(Items listed in a dataset)
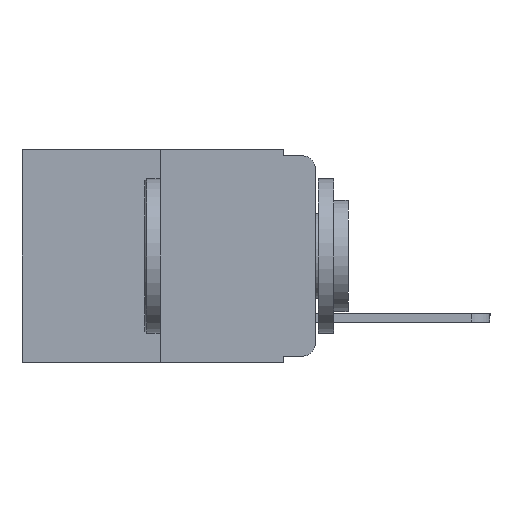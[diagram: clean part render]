
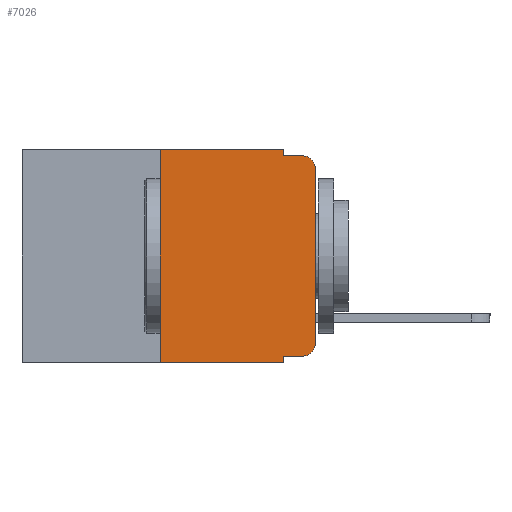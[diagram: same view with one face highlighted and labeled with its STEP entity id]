
A CAD part, left-side view. The second image highlights one B-rep face of the part: STEP entity #7026.
In plain terms, the highlighted planar face has unit normal (-1, 0, 0).
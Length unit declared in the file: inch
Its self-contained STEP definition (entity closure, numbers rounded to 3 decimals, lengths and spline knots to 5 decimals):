
#73 = DIRECTION ( 'NONE',  ( 0., 0., -1. ) ) ;
#150 = LINE ( 'NONE', #8988, #7694 ) ;
#414 = DIRECTION ( 'NONE',  ( 0., -1., 0. ) ) ;
#455 = VERTEX_POINT ( 'NONE', #11235 ) ;
#574 = CARTESIAN_POINT ( 'NONE',  ( 0., 0.02, -0.01 ) ) ;
#701 = VERTEX_POINT ( 'NONE', #3074 ) ;
#799 = LINE ( 'NONE', #7729, #8273 ) ;
#1027 = VERTEX_POINT ( 'NONE', #11297 ) ;
#1253 = VERTEX_POINT ( 'NONE', #2008 ) ;
#1449 = EDGE_LOOP ( 'NONE', ( #5852, #10765, #11047, #8964, #1874, #9524, #4724, #10732, #3512, #8620 ) ) ;
#1580 = EDGE_CURVE ( 'NONE', #1253, #1027, #3622, .T. ) ;
#1832 = EDGE_CURVE ( 'NONE', #4523, #4394, #799, .T. ) ;
#1874 = ORIENTED_EDGE ( 'NONE', *, *, #7471, .F. ) ;
#1971 = DIRECTION ( 'NONE',  ( 0., -1., 0. ) ) ;
#2008 = CARTESIAN_POINT ( 'NONE',  ( 0., 0.02, -0.333 ) ) ;
#2049 = DIRECTION ( 'NONE',  ( 0., 0., 1. ) ) ;
#2232 = EDGE_CURVE ( 'NONE', #3983, #8272, #4608, .T. ) ;
#2270 = FACE_OUTER_BOUND ( 'NONE', #1449, .T. ) ;
#3043 = DIRECTION ( 'NONE',  ( 0., 0., -1. ) ) ;
#3074 = CARTESIAN_POINT ( 'NONE',  ( 0., 0.25, 0. ) ) ;
#3092 = CARTESIAN_POINT ( 'NONE',  ( 0., 0.051, 0. ) ) ;
#3307 = DIRECTION ( 'NONE',  ( 0., -1., 0. ) ) ;
#3426 = CARTESIAN_POINT ( 'NONE',  ( 0., 0., 0. ) ) ;
#3512 = ORIENTED_EDGE ( 'NONE', *, *, #4398, .T. ) ;
#3622 = CIRCLE ( 'NONE', #9726, 0.02 ) ;
#3983 = VERTEX_POINT ( 'NONE', #10231 ) ;
#4021 = VECTOR ( 'NONE', #1971, 39.37008 ) ;
#4194 = CARTESIAN_POINT ( 'NONE',  ( 0., 0.051, -0.333 ) ) ;
#4394 = VERTEX_POINT ( 'NONE', #11701 ) ;
#4398 = EDGE_CURVE ( 'NONE', #4523, #1253, #7331, .T. ) ;
#4435 = CARTESIAN_POINT ( 'NONE',  ( 0., 0.051, -0.333 ) ) ;
#4523 = VERTEX_POINT ( 'NONE', #4435 ) ;
#4608 = LINE ( 'NONE', #9621, #4021 ) ;
#4698 = VECTOR ( 'NONE', #3307, 39.37008 ) ;
#4724 = ORIENTED_EDGE ( 'NONE', *, *, #9566, .T. ) ;
#5342 = CARTESIAN_POINT ( 'NONE',  ( 0., 0.02, -0.03 ) ) ;
#5344 = CARTESIAN_POINT ( 'NONE',  ( 0., 0.02, -0.313 ) ) ;
#5441 = VECTOR ( 'NONE', #2049, 39.37008 ) ;
#5502 = DIRECTION ( 'NONE',  ( 1., 0., 0. ) ) ;
#5852 = ORIENTED_EDGE ( 'NONE', *, *, #6344, .T. ) ;
#5985 = CIRCLE ( 'NONE', #9863, 0.02 ) ;
#6335 = DIRECTION ( 'NONE',  ( 0., 0., -1. ) ) ;
#6344 = EDGE_CURVE ( 'NONE', #1027, #6744, #9747, .T. ) ;
#6445 = PLANE ( 'NONE',  #7206 ) ;
#6744 = VERTEX_POINT ( 'NONE', #6944 ) ;
#6944 = CARTESIAN_POINT ( 'NONE',  ( 0., 0., -0.03 ) ) ;
#7026 = ADVANCED_FACE ( 'NONE', ( #2270 ), #6445, .F. ) ;
#7206 = AXIS2_PLACEMENT_3D ( 'NONE', #11051, #5502, #11975 ) ;
#7331 = LINE ( 'NONE', #4194, #4698 ) ;
#7471 = EDGE_CURVE ( 'NONE', #701, #8505, #150, .T. ) ;
#7694 = VECTOR ( 'NONE', #414, 39.37008 ) ;
#7729 = CARTESIAN_POINT ( 'NONE',  ( 0., 0.051, 0. ) ) ;
#7834 = CARTESIAN_POINT ( 'NONE',  ( 0., 0.25, 0. ) ) ;
#7995 = LINE ( 'NONE', #7834, #5441 ) ;
#8272 = VERTEX_POINT ( 'NONE', #574 ) ;
#8273 = VECTOR ( 'NONE', #8506, 39.37008 ) ;
#8437 = CARTESIAN_POINT ( 'NONE',  ( 0., 0.473, -0.343 ) ) ;
#8505 = VERTEX_POINT ( 'NONE', #12334 ) ;
#8506 = DIRECTION ( 'NONE',  ( 0., 0., -1. ) ) ;
#8620 = ORIENTED_EDGE ( 'NONE', *, *, #1580, .T. ) ;
#8812 = VECTOR ( 'NONE', #9381, 39.37008 ) ;
#8964 = ORIENTED_EDGE ( 'NONE', *, *, #10363, .F. ) ;
#8988 = CARTESIAN_POINT ( 'NONE',  ( 0., 0.473, 0. ) ) ;
#9381 = DIRECTION ( 'NONE',  ( 0., -1., 0. ) ) ;
#9390 = LINE ( 'NONE', #8437, #8812 ) ;
#9519 = VECTOR ( 'NONE', #73, 39.37008 ) ;
#9524 = ORIENTED_EDGE ( 'NONE', *, *, #11555, .F. ) ;
#9566 = EDGE_CURVE ( 'NONE', #455, #4394, #9390, .T. ) ;
#9621 = CARTESIAN_POINT ( 'NONE',  ( 0., 0.051, -0.01 ) ) ;
#9715 = DIRECTION ( 'NONE',  ( -1., 0., 0. ) ) ;
#9726 = AXIS2_PLACEMENT_3D ( 'NONE', #5344, #9715, #3043 ) ;
#9747 = LINE ( 'NONE', #3426, #11835 ) ;
#9863 = AXIS2_PLACEMENT_3D ( 'NONE', #5342, #11828, #6335 ) ;
#10053 = EDGE_CURVE ( 'NONE', #6744, #8272, #5985, .T. ) ;
#10073 = DIRECTION ( 'NONE',  ( 0., 0., 1. ) ) ;
#10231 = CARTESIAN_POINT ( 'NONE',  ( 0., 0.051, -0.01 ) ) ;
#10363 = EDGE_CURVE ( 'NONE', #8505, #3983, #11897, .T. ) ;
#10732 = ORIENTED_EDGE ( 'NONE', *, *, #1832, .F. ) ;
#10765 = ORIENTED_EDGE ( 'NONE', *, *, #10053, .T. ) ;
#11047 = ORIENTED_EDGE ( 'NONE', *, *, #2232, .F. ) ;
#11051 = CARTESIAN_POINT ( 'NONE',  ( 0., 0.473, 0. ) ) ;
#11235 = CARTESIAN_POINT ( 'NONE',  ( 0., 0.25, -0.343 ) ) ;
#11297 = CARTESIAN_POINT ( 'NONE',  ( 0., 0., -0.313 ) ) ;
#11555 = EDGE_CURVE ( 'NONE', #455, #701, #7995, .T. ) ;
#11701 = CARTESIAN_POINT ( 'NONE',  ( 0., 0.051, -0.343 ) ) ;
#11828 = DIRECTION ( 'NONE',  ( -1., 0., 0. ) ) ;
#11835 = VECTOR ( 'NONE', #10073, 39.37008 ) ;
#11897 = LINE ( 'NONE', #3092, #9519 ) ;
#11975 = DIRECTION ( 'NONE',  ( 0., 0., -1. ) ) ;
#12334 = CARTESIAN_POINT ( 'NONE',  ( 0., 0.051, 0. ) ) ;
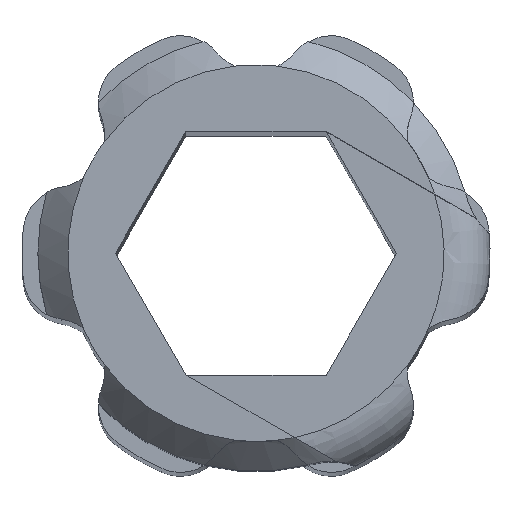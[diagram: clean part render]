
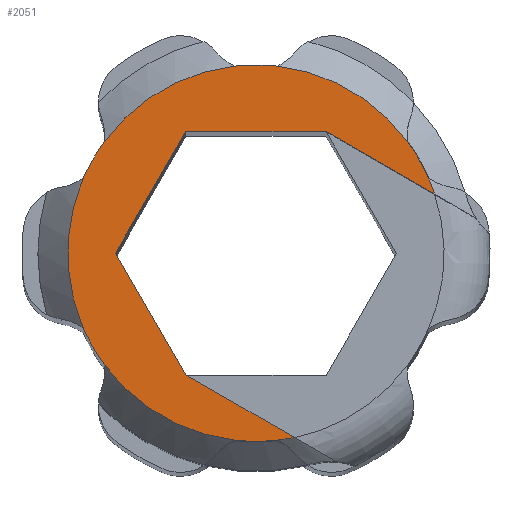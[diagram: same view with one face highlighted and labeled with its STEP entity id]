
A CAD part, top view. The second image highlights one B-rep face of the part: STEP entity #2051.
In plain terms, the highlighted planar face has unit normal (0, 0, 1).
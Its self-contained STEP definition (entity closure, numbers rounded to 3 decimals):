
#37=PLANE('',#2324);
#164=LINE('',#3469,#278);
#188=LINE('',#3706,#302);
#189=LINE('',#3753,#303);
#202=LINE('',#3837,#316);
#203=LINE('',#3838,#317);
#278=VECTOR('',#2713,10.);
#302=VECTOR('',#2849,10.);
#303=VECTOR('',#2884,10.);
#316=VECTOR('',#2951,10.);
#317=VECTOR('',#2952,10.);
#438=FACE_OUTER_BOUND('',#560,.T.);
#560=EDGE_LOOP('',(#1856,#1857,#1858,#1859,#1860,#1861,#1862,#1863,#1864,
#1865,#1866,#1867,#1868,#1869,#1870,#1871));
#694=CIRCLE('',#2178,4.1);
#709=CIRCLE('',#2213,4.1);
#737=CIRCLE('',#2264,4.1);
#740=CIRCLE('',#2273,4.1);
#742=CIRCLE('',#2279,4.1);
#753=CIRCLE('',#2301,4.1);
#754=CIRCLE('',#2305,4.1);
#755=CIRCLE('',#2308,4.1);
#757=CIRCLE('',#2317,4.1);
#758=CIRCLE('',#2321,4.1);
#759=CIRCLE('',#2323,4.1);
#832=VERTEX_POINT('',#3216);
#833=VERTEX_POINT('',#3218);
#872=VERTEX_POINT('',#3397);
#874=VERTEX_POINT('',#3408);
#887=VERTEX_POINT('',#3466);
#888=VERTEX_POINT('',#3468);
#924=VERTEX_POINT('',#3639);
#930=VERTEX_POINT('',#3683);
#931=VERTEX_POINT('',#3687);
#941=VERTEX_POINT('',#3748);
#942=VERTEX_POINT('',#3752);
#945=VERTEX_POINT('',#3765);
#946=VERTEX_POINT('',#3774);
#948=VERTEX_POINT('',#3811);
#949=VERTEX_POINT('',#3820);
#950=VERTEX_POINT('',#3836);
#1061=EDGE_CURVE('',#832,#833,#694,.T.);
#1122=EDGE_CURVE('',#874,#872,#709,.T.);
#1143=EDGE_CURVE('',#888,#887,#164,.T.);
#1189=EDGE_CURVE('',#833,#874,#737,.T.);
#1203=EDGE_CURVE('',#924,#832,#740,.T.);
#1213=EDGE_CURVE('',#930,#931,#742,.T.);
#1217=EDGE_CURVE('',#930,#888,#188,.T.);
#1232=EDGE_CURVE('',#942,#941,#189,.T.);
#1240=EDGE_CURVE('',#946,#945,#753,.T.);
#1243=EDGE_CURVE('',#931,#924,#754,.T.);
#1245=EDGE_CURVE('',#945,#941,#755,.T.);
#1254=EDGE_CURVE('',#948,#949,#757,.T.);
#1257=EDGE_CURVE('',#949,#946,#758,.T.);
#1258=EDGE_CURVE('',#872,#948,#759,.T.);
#1259=EDGE_CURVE('',#887,#950,#202,.T.);
#1260=EDGE_CURVE('',#950,#942,#203,.T.);
#1856=ORIENTED_EDGE('',*,*,#1213,.F.);
#1857=ORIENTED_EDGE('',*,*,#1217,.T.);
#1858=ORIENTED_EDGE('',*,*,#1143,.T.);
#1859=ORIENTED_EDGE('',*,*,#1259,.T.);
#1860=ORIENTED_EDGE('',*,*,#1260,.T.);
#1861=ORIENTED_EDGE('',*,*,#1232,.T.);
#1862=ORIENTED_EDGE('',*,*,#1245,.F.);
#1863=ORIENTED_EDGE('',*,*,#1240,.F.);
#1864=ORIENTED_EDGE('',*,*,#1257,.F.);
#1865=ORIENTED_EDGE('',*,*,#1254,.F.);
#1866=ORIENTED_EDGE('',*,*,#1258,.F.);
#1867=ORIENTED_EDGE('',*,*,#1122,.F.);
#1868=ORIENTED_EDGE('',*,*,#1189,.F.);
#1869=ORIENTED_EDGE('',*,*,#1061,.F.);
#1870=ORIENTED_EDGE('',*,*,#1203,.F.);
#1871=ORIENTED_EDGE('',*,*,#1243,.F.);
#2051=ADVANCED_FACE('',(#438),#37,.T.);
#2178=AXIS2_PLACEMENT_3D('',#3219,#2573,#2574);
#2213=AXIS2_PLACEMENT_3D('',#3410,#2676,#2677);
#2264=AXIS2_PLACEMENT_3D('',#3590,#2808,#2809);
#2273=AXIS2_PLACEMENT_3D('',#3646,#2830,#2831);
#2279=AXIS2_PLACEMENT_3D('',#3688,#2844,#2845);
#2301=AXIS2_PLACEMENT_3D('',#3776,#2896,#2897);
#2305=AXIS2_PLACEMENT_3D('',#3787,#2905,#2906);
#2308=AXIS2_PLACEMENT_3D('',#3791,#2912,#2913);
#2317=AXIS2_PLACEMENT_3D('',#3821,#2934,#2935);
#2321=AXIS2_PLACEMENT_3D('',#3832,#2943,#2944);
#2323=AXIS2_PLACEMENT_3D('',#3834,#2947,#2948);
#2324=AXIS2_PLACEMENT_3D('',#3835,#2949,#2950);
#2573=DIRECTION('center_axis',(0.,0.,
-1.));
#2574=DIRECTION('ref_axis',(-1.,0.,0.));
#2676=DIRECTION('center_axis',(0.,0.,
-1.));
#2677=DIRECTION('ref_axis',(-1.,0.,0.));
#2713=DIRECTION('',(-0.5,0.866,0.));
#2808=DIRECTION('center_axis',(0.,0.,
-1.));
#2809=DIRECTION('ref_axis',(-1.,0.,0.));
#2830=DIRECTION('center_axis',(0.,0.,
-1.));
#2831=DIRECTION('ref_axis',(-1.,0.,0.));
#2844=DIRECTION('center_axis',(0.,0.,
-1.));
#2845=DIRECTION('ref_axis',(-1.,0.,0.));
#2849=DIRECTION('',(-0.866,0.5,0.));
#2884=DIRECTION('',(0.866,-0.5,0.));
#2896=DIRECTION('center_axis',(0.,0.,
-1.));
#2897=DIRECTION('ref_axis',(-1.,0.,0.));
#2905=DIRECTION('center_axis',(0.,0.,
-1.));
#2906=DIRECTION('ref_axis',(-1.,0.,0.));
#2912=DIRECTION('center_axis',(0.,0.,
-1.));
#2913=DIRECTION('ref_axis',(-1.,0.,0.));
#2934=DIRECTION('center_axis',(0.,0.,
-1.));
#2935=DIRECTION('ref_axis',(-1.,0.,0.));
#2943=DIRECTION('center_axis',(0.,0.,
-1.));
#2944=DIRECTION('ref_axis',(-1.,0.,0.));
#2947=DIRECTION('center_axis',(0.,0.,
-1.));
#2948=DIRECTION('ref_axis',(-1.,0.,0.));
#2949=DIRECTION('center_axis',(0.,0.,
1.));
#2950=DIRECTION('ref_axis',(0.5,0.866,0.));
#2951=DIRECTION('',(0.5,0.866,0.));
#2952=DIRECTION('',(1.,0.,0.));
#3216=CARTESIAN_POINT('',(-3.297,33.033,41.47));
#3218=CARTESIAN_POINT('',(-3.759,33.833,41.47));
#3219=CARTESIAN_POINT('Origin',(0.,35.47,41.47));
#3397=CARTESIAN_POINT('',(-3.297,37.907,41.47));
#3408=CARTESIAN_POINT('',(-3.759,37.107,41.47));
#3410=CARTESIAN_POINT('Origin',(0.,35.47,41.47));
#3466=CARTESIAN_POINT('',(-3.06,35.47,41.47));
#3468=CARTESIAN_POINT('',(-1.53,32.82,41.47));
#3469=CARTESIAN_POINT('',(-1.53,32.82,41.47));
#3590=CARTESIAN_POINT('Origin',(0.,35.47,41.47));
#3639=CARTESIAN_POINT('',(-0.461,31.396,41.47));
#3646=CARTESIAN_POINT('Origin',(0.,35.47,41.47));
#3683=CARTESIAN_POINT('',(0.833,31.456,41.47));
#3687=CARTESIAN_POINT('',(0.461,31.396,41.47));
#3688=CARTESIAN_POINT('Origin',(0.,35.47,41.47));
#3706=CARTESIAN_POINT('',(-1.53,32.82,41.47));
#3748=CARTESIAN_POINT('',(3.893,36.756,41.47));
#3752=CARTESIAN_POINT('',(1.53,38.12,41.47));
#3753=CARTESIAN_POINT('',(1.53,38.12,41.47));
#3765=CARTESIAN_POINT('',(3.759,37.107,41.47));
#3774=CARTESIAN_POINT('',(3.297,37.907,41.47));
#3776=CARTESIAN_POINT('Origin',(0.,35.47,41.47));
#3787=CARTESIAN_POINT('Origin',(0.,35.47,41.47));
#3791=CARTESIAN_POINT('Origin',(0.,35.47,41.47));
#3811=CARTESIAN_POINT('',(-0.461,39.544,41.47));
#3820=CARTESIAN_POINT('',(0.461,39.544,41.47));
#3821=CARTESIAN_POINT('Origin',(0.,35.47,41.47));
#3832=CARTESIAN_POINT('Origin',(0.,35.47,41.47));
#3834=CARTESIAN_POINT('Origin',(0.,35.47,41.47));
#3835=CARTESIAN_POINT('Origin',(0.,35.47,
41.47));
#3836=CARTESIAN_POINT('',(-1.53,38.12,41.47));
#3837=CARTESIAN_POINT('',(-3.06,35.47,41.47));
#3838=CARTESIAN_POINT('',(-1.53,38.12,41.47));

_About this exercise_.
Could you write out, exactly as they stand, only the lines above that begin at the line with "#931=VERTEX_POINT('',#3687);" and stop after the line with "#1857=ORIENTED_EDGE('',*,*,#1217,.T.);"?

_Answer section_.
#931=VERTEX_POINT('',#3687);
#941=VERTEX_POINT('',#3748);
#942=VERTEX_POINT('',#3752);
#945=VERTEX_POINT('',#3765);
#946=VERTEX_POINT('',#3774);
#948=VERTEX_POINT('',#3811);
#949=VERTEX_POINT('',#3820);
#950=VERTEX_POINT('',#3836);
#1061=EDGE_CURVE('',#832,#833,#694,.T.);
#1122=EDGE_CURVE('',#874,#872,#709,.T.);
#1143=EDGE_CURVE('',#888,#887,#164,.T.);
#1189=EDGE_CURVE('',#833,#874,#737,.T.);
#1203=EDGE_CURVE('',#924,#832,#740,.T.);
#1213=EDGE_CURVE('',#930,#931,#742,.T.);
#1217=EDGE_CURVE('',#930,#888,#188,.T.);
#1232=EDGE_CURVE('',#942,#941,#189,.T.);
#1240=EDGE_CURVE('',#946,#945,#753,.T.);
#1243=EDGE_CURVE('',#931,#924,#754,.T.);
#1245=EDGE_CURVE('',#945,#941,#755,.T.);
#1254=EDGE_CURVE('',#948,#949,#757,.T.);
#1257=EDGE_CURVE('',#949,#946,#758,.T.);
#1258=EDGE_CURVE('',#872,#948,#759,.T.);
#1259=EDGE_CURVE('',#887,#950,#202,.T.);
#1260=EDGE_CURVE('',#950,#942,#203,.T.);
#1856=ORIENTED_EDGE('',*,*,#1213,.F.);
#1857=ORIENTED_EDGE('',*,*,#1217,.T.);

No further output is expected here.